Exercise goal: Except for images, print the whole listing verbatim.
****************************************
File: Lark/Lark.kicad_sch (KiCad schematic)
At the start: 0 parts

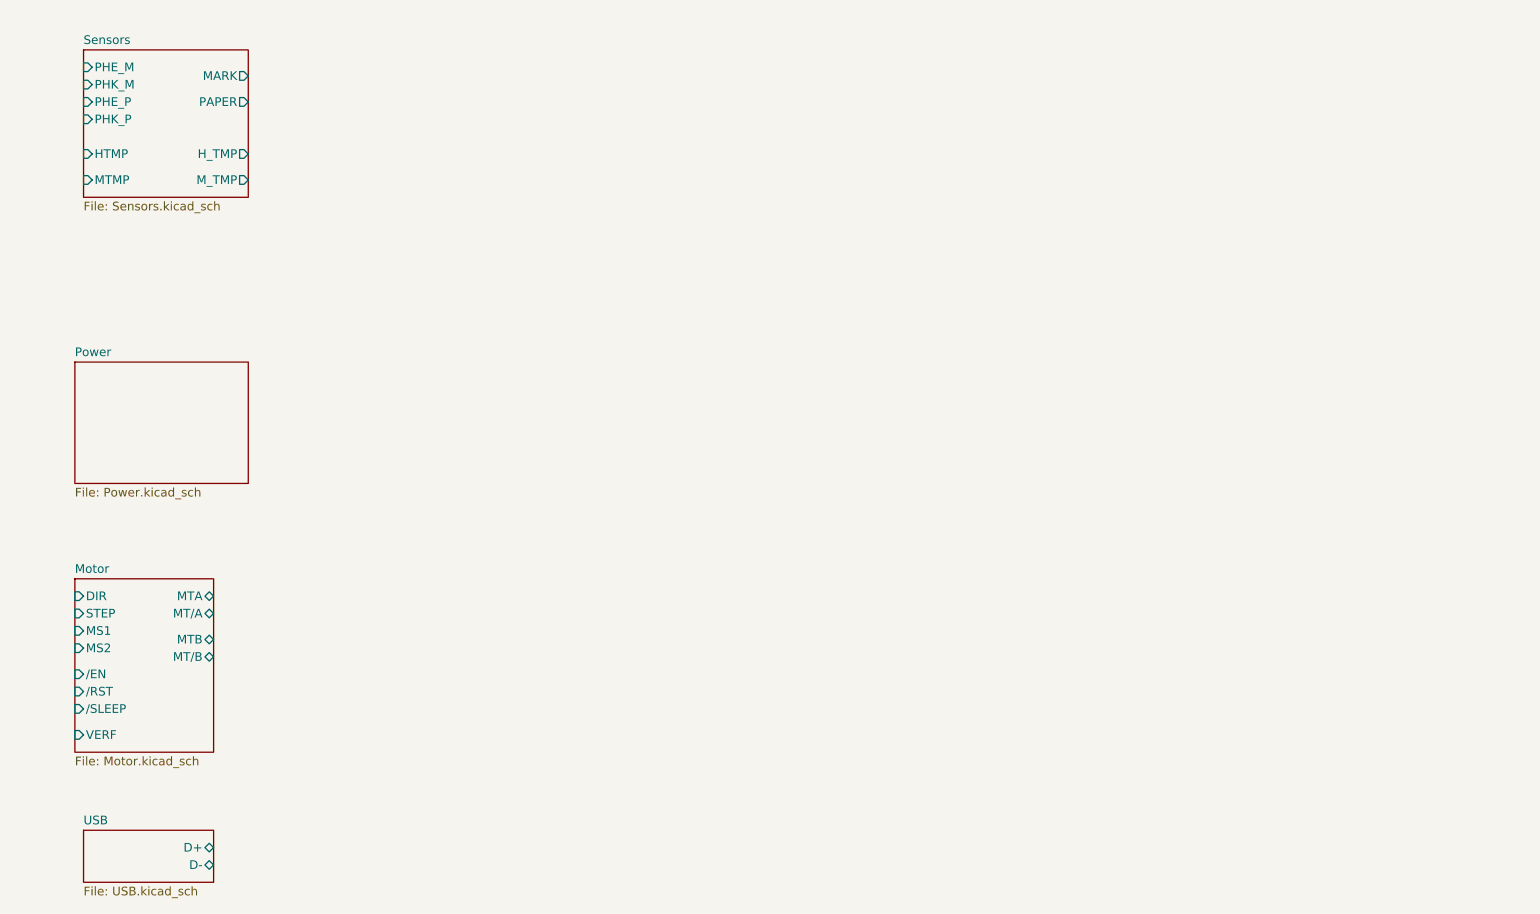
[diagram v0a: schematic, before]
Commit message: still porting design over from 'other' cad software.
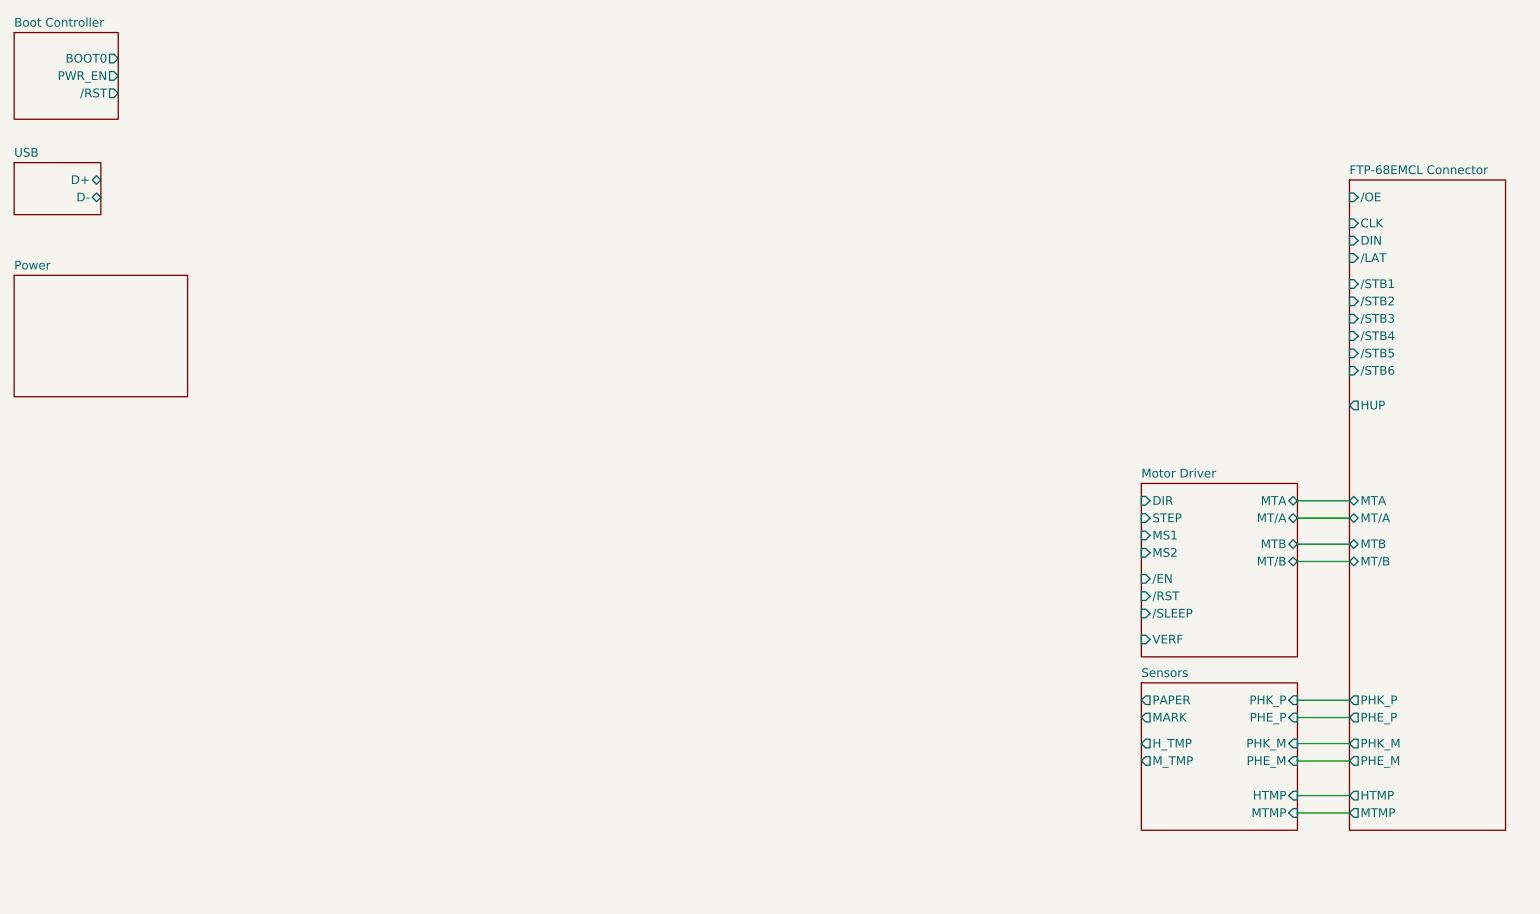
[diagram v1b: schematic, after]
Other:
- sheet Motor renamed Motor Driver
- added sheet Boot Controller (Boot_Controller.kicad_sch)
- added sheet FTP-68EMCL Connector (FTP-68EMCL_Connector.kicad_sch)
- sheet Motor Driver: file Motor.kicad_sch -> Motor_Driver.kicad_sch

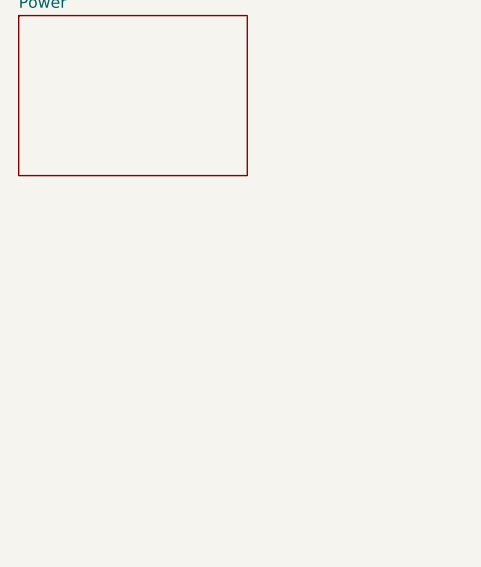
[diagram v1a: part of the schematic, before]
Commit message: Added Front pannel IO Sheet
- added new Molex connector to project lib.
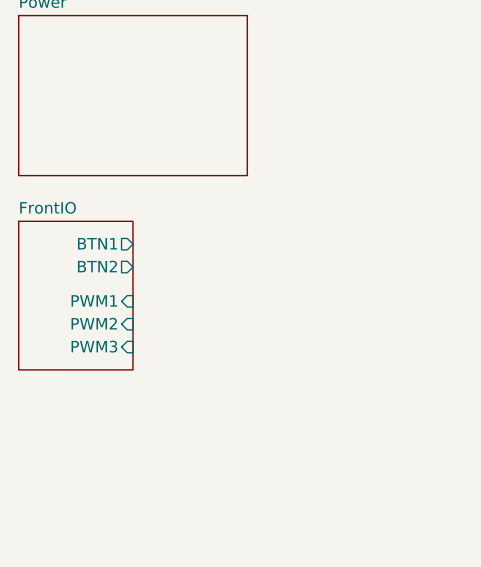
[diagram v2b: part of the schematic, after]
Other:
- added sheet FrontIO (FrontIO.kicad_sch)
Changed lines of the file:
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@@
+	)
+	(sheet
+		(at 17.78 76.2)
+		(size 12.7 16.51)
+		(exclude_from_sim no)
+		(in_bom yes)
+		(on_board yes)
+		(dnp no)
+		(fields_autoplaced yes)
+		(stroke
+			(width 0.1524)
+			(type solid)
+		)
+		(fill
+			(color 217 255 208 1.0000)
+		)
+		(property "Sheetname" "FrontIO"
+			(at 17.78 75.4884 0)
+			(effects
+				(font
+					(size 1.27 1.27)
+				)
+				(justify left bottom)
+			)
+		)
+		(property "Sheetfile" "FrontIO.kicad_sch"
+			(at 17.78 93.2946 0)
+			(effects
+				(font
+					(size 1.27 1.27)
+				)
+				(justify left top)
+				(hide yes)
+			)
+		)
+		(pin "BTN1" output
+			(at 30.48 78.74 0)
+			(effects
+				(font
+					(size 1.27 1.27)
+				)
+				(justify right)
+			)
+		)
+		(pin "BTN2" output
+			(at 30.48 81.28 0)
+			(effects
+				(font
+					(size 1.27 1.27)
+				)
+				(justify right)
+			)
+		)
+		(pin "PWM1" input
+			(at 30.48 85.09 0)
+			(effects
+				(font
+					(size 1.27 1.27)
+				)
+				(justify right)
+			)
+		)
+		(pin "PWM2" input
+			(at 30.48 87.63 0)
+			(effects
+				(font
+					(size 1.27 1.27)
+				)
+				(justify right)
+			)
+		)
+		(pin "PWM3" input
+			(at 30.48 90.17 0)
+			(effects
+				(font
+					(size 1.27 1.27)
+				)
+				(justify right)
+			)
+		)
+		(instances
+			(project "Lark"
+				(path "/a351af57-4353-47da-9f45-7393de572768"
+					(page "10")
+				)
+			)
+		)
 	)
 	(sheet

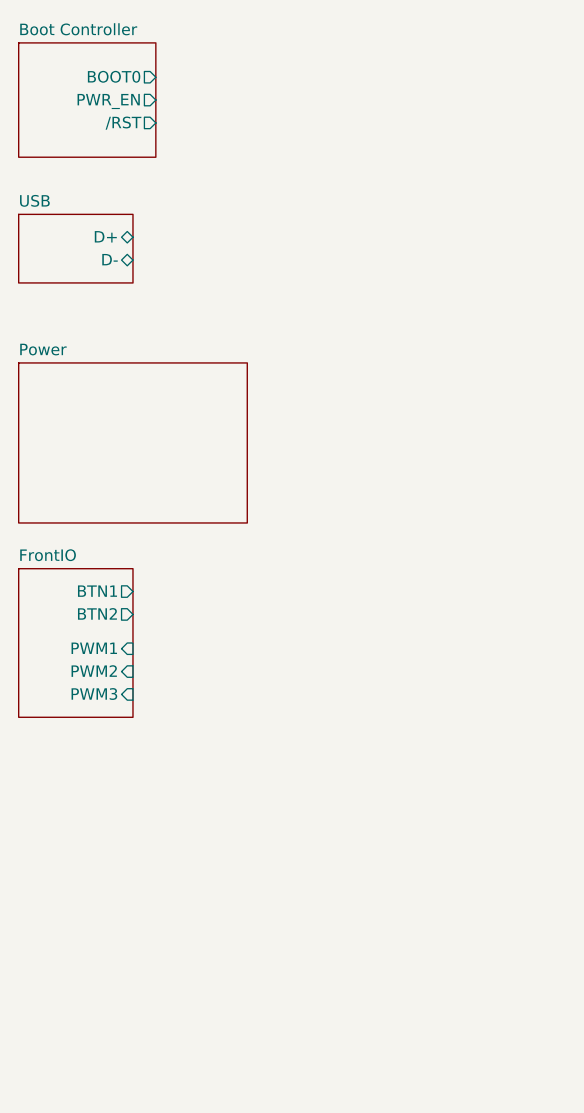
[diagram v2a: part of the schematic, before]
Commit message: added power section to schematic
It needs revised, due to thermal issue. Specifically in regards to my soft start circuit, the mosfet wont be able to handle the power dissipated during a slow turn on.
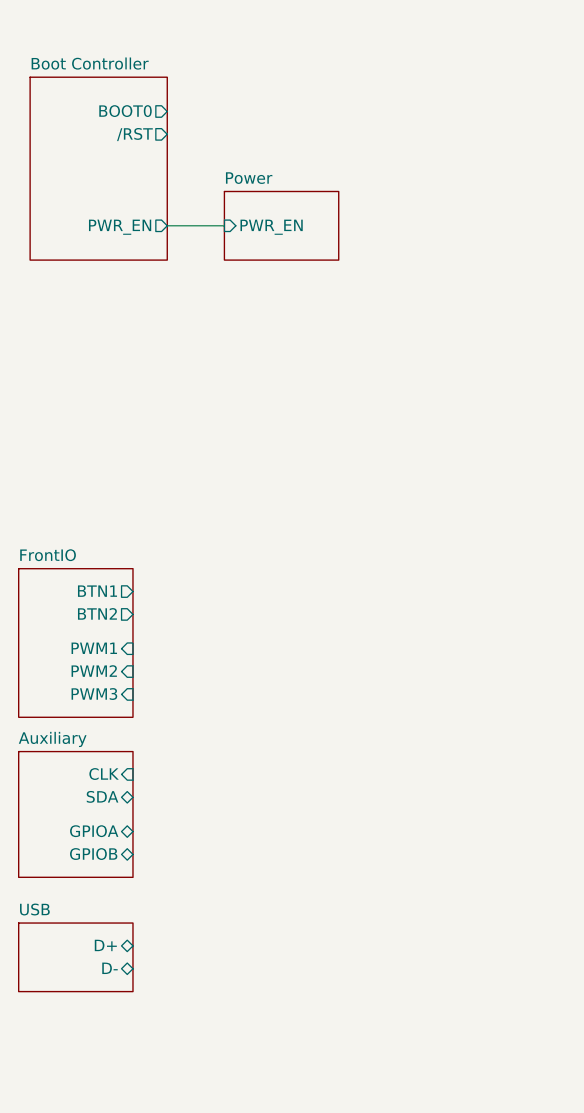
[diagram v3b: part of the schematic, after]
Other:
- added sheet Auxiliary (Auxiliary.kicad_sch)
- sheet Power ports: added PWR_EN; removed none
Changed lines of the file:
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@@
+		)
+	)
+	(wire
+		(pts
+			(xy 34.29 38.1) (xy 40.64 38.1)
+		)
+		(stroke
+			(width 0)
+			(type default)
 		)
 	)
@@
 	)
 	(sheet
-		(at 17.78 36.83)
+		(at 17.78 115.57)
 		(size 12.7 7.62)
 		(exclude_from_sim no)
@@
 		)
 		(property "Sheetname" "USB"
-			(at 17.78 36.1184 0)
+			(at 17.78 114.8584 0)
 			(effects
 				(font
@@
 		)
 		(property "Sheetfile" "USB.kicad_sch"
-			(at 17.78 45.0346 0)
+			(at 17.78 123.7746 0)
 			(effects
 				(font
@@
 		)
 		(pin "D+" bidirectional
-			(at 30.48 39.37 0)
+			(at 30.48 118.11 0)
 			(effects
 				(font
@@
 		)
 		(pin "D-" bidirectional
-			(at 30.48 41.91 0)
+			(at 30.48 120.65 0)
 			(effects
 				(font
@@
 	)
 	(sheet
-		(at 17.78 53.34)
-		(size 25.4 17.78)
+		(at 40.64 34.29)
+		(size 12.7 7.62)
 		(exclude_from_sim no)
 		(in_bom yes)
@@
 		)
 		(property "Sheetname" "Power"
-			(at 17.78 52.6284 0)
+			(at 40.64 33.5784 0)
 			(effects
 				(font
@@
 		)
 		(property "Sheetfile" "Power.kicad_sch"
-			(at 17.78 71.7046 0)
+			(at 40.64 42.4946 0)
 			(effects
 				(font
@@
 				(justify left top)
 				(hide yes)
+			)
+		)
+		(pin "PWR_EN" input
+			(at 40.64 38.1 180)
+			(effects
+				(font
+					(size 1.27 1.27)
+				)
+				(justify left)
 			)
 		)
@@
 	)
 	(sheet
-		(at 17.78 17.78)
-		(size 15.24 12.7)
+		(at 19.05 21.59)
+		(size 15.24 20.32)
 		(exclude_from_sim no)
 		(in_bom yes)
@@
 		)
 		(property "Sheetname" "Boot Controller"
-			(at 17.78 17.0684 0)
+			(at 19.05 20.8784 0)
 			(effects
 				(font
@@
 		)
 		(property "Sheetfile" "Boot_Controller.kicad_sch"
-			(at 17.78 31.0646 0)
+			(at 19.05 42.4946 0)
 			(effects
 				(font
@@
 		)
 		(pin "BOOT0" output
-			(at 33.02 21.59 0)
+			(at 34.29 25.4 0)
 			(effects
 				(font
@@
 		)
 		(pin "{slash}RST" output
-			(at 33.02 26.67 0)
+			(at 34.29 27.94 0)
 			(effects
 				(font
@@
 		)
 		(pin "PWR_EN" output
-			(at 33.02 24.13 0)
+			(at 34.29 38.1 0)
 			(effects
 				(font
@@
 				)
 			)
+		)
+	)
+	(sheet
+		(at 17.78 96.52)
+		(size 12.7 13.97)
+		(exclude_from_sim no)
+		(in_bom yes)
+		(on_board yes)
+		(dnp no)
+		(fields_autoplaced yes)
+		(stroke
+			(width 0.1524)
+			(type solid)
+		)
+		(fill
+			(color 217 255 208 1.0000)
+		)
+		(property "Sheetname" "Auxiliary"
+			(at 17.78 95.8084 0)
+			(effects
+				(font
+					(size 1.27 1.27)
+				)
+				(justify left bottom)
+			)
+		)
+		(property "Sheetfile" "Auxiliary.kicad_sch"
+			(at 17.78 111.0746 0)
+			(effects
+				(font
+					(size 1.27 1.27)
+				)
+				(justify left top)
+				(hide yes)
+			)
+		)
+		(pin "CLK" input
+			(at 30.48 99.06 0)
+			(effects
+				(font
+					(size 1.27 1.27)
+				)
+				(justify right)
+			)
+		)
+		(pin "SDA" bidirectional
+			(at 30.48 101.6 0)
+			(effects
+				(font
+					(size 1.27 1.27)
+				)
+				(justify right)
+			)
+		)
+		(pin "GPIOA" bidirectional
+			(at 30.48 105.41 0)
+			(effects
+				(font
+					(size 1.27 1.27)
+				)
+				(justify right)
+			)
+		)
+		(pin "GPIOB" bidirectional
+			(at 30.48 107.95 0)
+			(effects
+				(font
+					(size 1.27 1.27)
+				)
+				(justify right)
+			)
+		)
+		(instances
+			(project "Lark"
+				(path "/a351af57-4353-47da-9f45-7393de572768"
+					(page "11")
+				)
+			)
****************************************
Written response:
File: Lark/Lark.kicad_sch (KiCad schematic)
At the start: 0 parts

[diagram v0a: schematic, before]
Commit message: still porting design over from 'other' cad software.
[diagram v1b: schematic, after]
Other:
- sheet Motor renamed Motor Driver
- added sheet Boot Controller (Boot_Controller.kicad_sch)
- added sheet FTP-68EMCL Connector (FTP-68EMCL_Connector.kicad_sch)
- sheet Motor Driver: file Motor.kicad_sch -> Motor_Driver.kicad_sch

[diagram v1a: part of the schematic, before]
Commit message: Added Front pannel IO Sheet
- added new Molex connector to project lib.
[diagram v2b: part of the schematic, after]
Other:
- added sheet FrontIO (FrontIO.kicad_sch)
Changed lines of the file:
@@
+	)
+	(sheet
+		(at 17.78 76.2)
+		(size 12.7 16.51)
+		(exclude_from_sim no)
+		(in_bom yes)
+		(on_board yes)
+		(dnp no)
+		(fields_autoplaced yes)
+		(stroke
+			(width 0.1524)
+			(type solid)
+		)
+		(fill
+			(color 217 255 208 1.0000)
+		)
+		(property "Sheetname" "FrontIO"
+			(at 17.78 75.4884 0)
+			(effects
+				(font
+					(size 1.27 1.27)
+				)
+				(justify left bottom)
+			)
+		)
+		(property "Sheetfile" "FrontIO.kicad_sch"
+			(at 17.78 93.2946 0)
+			(effects
+				(font
+					(size 1.27 1.27)
+				)
+				(justify left top)
+				(hide yes)
+			)
+		)
+		(pin "BTN1" output
+			(at 30.48 78.74 0)
+			(effects
+				(font
+					(size 1.27 1.27)
+				)
+				(justify right)
+			)
+		)
+		(pin "BTN2" output
+			(at 30.48 81.28 0)
+			(effects
+				(font
+					(size 1.27 1.27)
+				)
+				(justify right)
+			)
+		)
+		(pin "PWM1" input
+			(at 30.48 85.09 0)
+			(effects
+				(font
+					(size 1.27 1.27)
+				)
+				(justify right)
+			)
+		)
+		(pin "PWM2" input
+			(at 30.48 87.63 0)
+			(effects
+				(font
+					(size 1.27 1.27)
+				)
+				(justify right)
+			)
+		)
+		(pin "PWM3" input
+			(at 30.48 90.17 0)
+			(effects
+				(font
+					(size 1.27 1.27)
+				)
+				(justify right)
+			)
+		)
+		(instances
+			(project "Lark"
+				(path "/a351af57-4353-47da-9f45-7393de572768"
+					(page "10")
+				)
+			)
+		)
 	)
 	(sheet

[diagram v2a: part of the schematic, before]
Commit message: added power section to schematic
It needs revised, due to thermal issue. Specifically in regards to my soft start circuit, the mosfet wont be able to handle the power dissipated during a slow turn on.
[diagram v3b: part of the schematic, after]
Other:
- added sheet Auxiliary (Auxiliary.kicad_sch)
- sheet Power ports: added PWR_EN; removed none
Changed lines of the file:
@@
+		)
+	)
+	(wire
+		(pts
+			(xy 34.29 38.1) (xy 40.64 38.1)
+		)
+		(stroke
+			(width 0)
+			(type default)
 		)
 	)
@@
 	)
 	(sheet
-		(at 17.78 36.83)
+		(at 17.78 115.57)
 		(size 12.7 7.62)
 		(exclude_from_sim no)
@@
 		)
 		(property "Sheetname" "USB"
-			(at 17.78 36.1184 0)
+			(at 17.78 114.8584 0)
 			(effects
 				(font
@@
 		)
 		(property "Sheetfile" "USB.kicad_sch"
-			(at 17.78 45.0346 0)
+			(at 17.78 123.7746 0)
 			(effects
 				(font
@@
 		)
 		(pin "D+" bidirectional
-			(at 30.48 39.37 0)
+			(at 30.48 118.11 0)
 			(effects
 				(font
@@
 		)
 		(pin "D-" bidirectional
-			(at 30.48 41.91 0)
+			(at 30.48 120.65 0)
 			(effects
 				(font
@@
 	)
 	(sheet
-		(at 17.78 53.34)
-		(size 25.4 17.78)
+		(at 40.64 34.29)
+		(size 12.7 7.62)
 		(exclude_from_sim no)
 		(in_bom yes)
@@
 		)
 		(property "Sheetname" "Power"
-			(at 17.78 52.6284 0)
+			(at 40.64 33.5784 0)
 			(effects
 				(font
@@
 		)
 		(property "Sheetfile" "Power.kicad_sch"
-			(at 17.78 71.7046 0)
+			(at 40.64 42.4946 0)
 			(effects
 				(font
@@
 				(justify left top)
 				(hide yes)
+			)
+		)
+		(pin "PWR_EN" input
+			(at 40.64 38.1 180)
+			(effects
+				(font
+					(size 1.27 1.27)
+				)
+				(justify left)
 			)
 		)
@@
 	)
 	(sheet
-		(at 17.78 17.78)
-		(size 15.24 12.7)
+		(at 19.05 21.59)
+		(size 15.24 20.32)
 		(exclude_from_sim no)
 		(in_bom yes)
@@
 		)
 		(property "Sheetname" "Boot Controller"
-			(at 17.78 17.0684 0)
+			(at 19.05 20.8784 0)
 			(effects
 				(font
@@
 		)
 		(property "Sheetfile" "Boot_Controller.kicad_sch"
-			(at 17.78 31.0646 0)
+			(at 19.05 42.4946 0)
 			(effects
 				(font
@@
 		)
 		(pin "BOOT0" output
-			(at 33.02 21.59 0)
+			(at 34.29 25.4 0)
 			(effects
 				(font
@@
 		)
 		(pin "{slash}RST" output
-			(at 33.02 26.67 0)
+			(at 34.29 27.94 0)
 			(effects
 				(font
@@
 		)
 		(pin "PWR_EN" output
-			(at 33.02 24.13 0)
+			(at 34.29 38.1 0)
 			(effects
 				(font
@@
 				)
 			)
+		)
+	)
+	(sheet
+		(at 17.78 96.52)
+		(size 12.7 13.97)
+		(exclude_from_sim no)
+		(in_bom yes)
+		(on_board yes)
+		(dnp no)
+		(fields_autoplaced yes)
+		(stroke
+			(width 0.1524)
+			(type solid)
+		)
+		(fill
+			(color 217 255 208 1.0000)
+		)
+		(property "Sheetname" "Auxiliary"
+			(at 17.78 95.8084 0)
+			(effects
+				(font
+					(size 1.27 1.27)
+				)
+				(justify left bottom)
+			)
+		)
+		(property "Sheetfile" "Auxiliary.kicad_sch"
+			(at 17.78 111.0746 0)
+			(effects
+				(font
+					(size 1.27 1.27)
+				)
+				(justify left top)
+				(hide yes)
+			)
+		)
+		(pin "CLK" input
+			(at 30.48 99.06 0)
+			(effects
+				(font
+					(size 1.27 1.27)
+				)
+				(justify right)
+			)
+		)
+		(pin "SDA" bidirectional
+			(at 30.48 101.6 0)
+			(effects
+				(font
+					(size 1.27 1.27)
+				)
+				(justify right)
+			)
+		)
+		(pin "GPIOA" bidirectional
+			(at 30.48 105.41 0)
+			(effects
+				(font
+					(size 1.27 1.27)
+				)
+				(justify right)
+			)
+		)
+		(pin "GPIOB" bidirectional
+			(at 30.48 107.95 0)
+			(effects
+				(font
+					(size 1.27 1.27)
+				)
+				(justify right)
+			)
+		)
+		(instances
+			(project "Lark"
+				(path "/a351af57-4353-47da-9f45-7393de572768"
+					(page "11")
+				)
+			)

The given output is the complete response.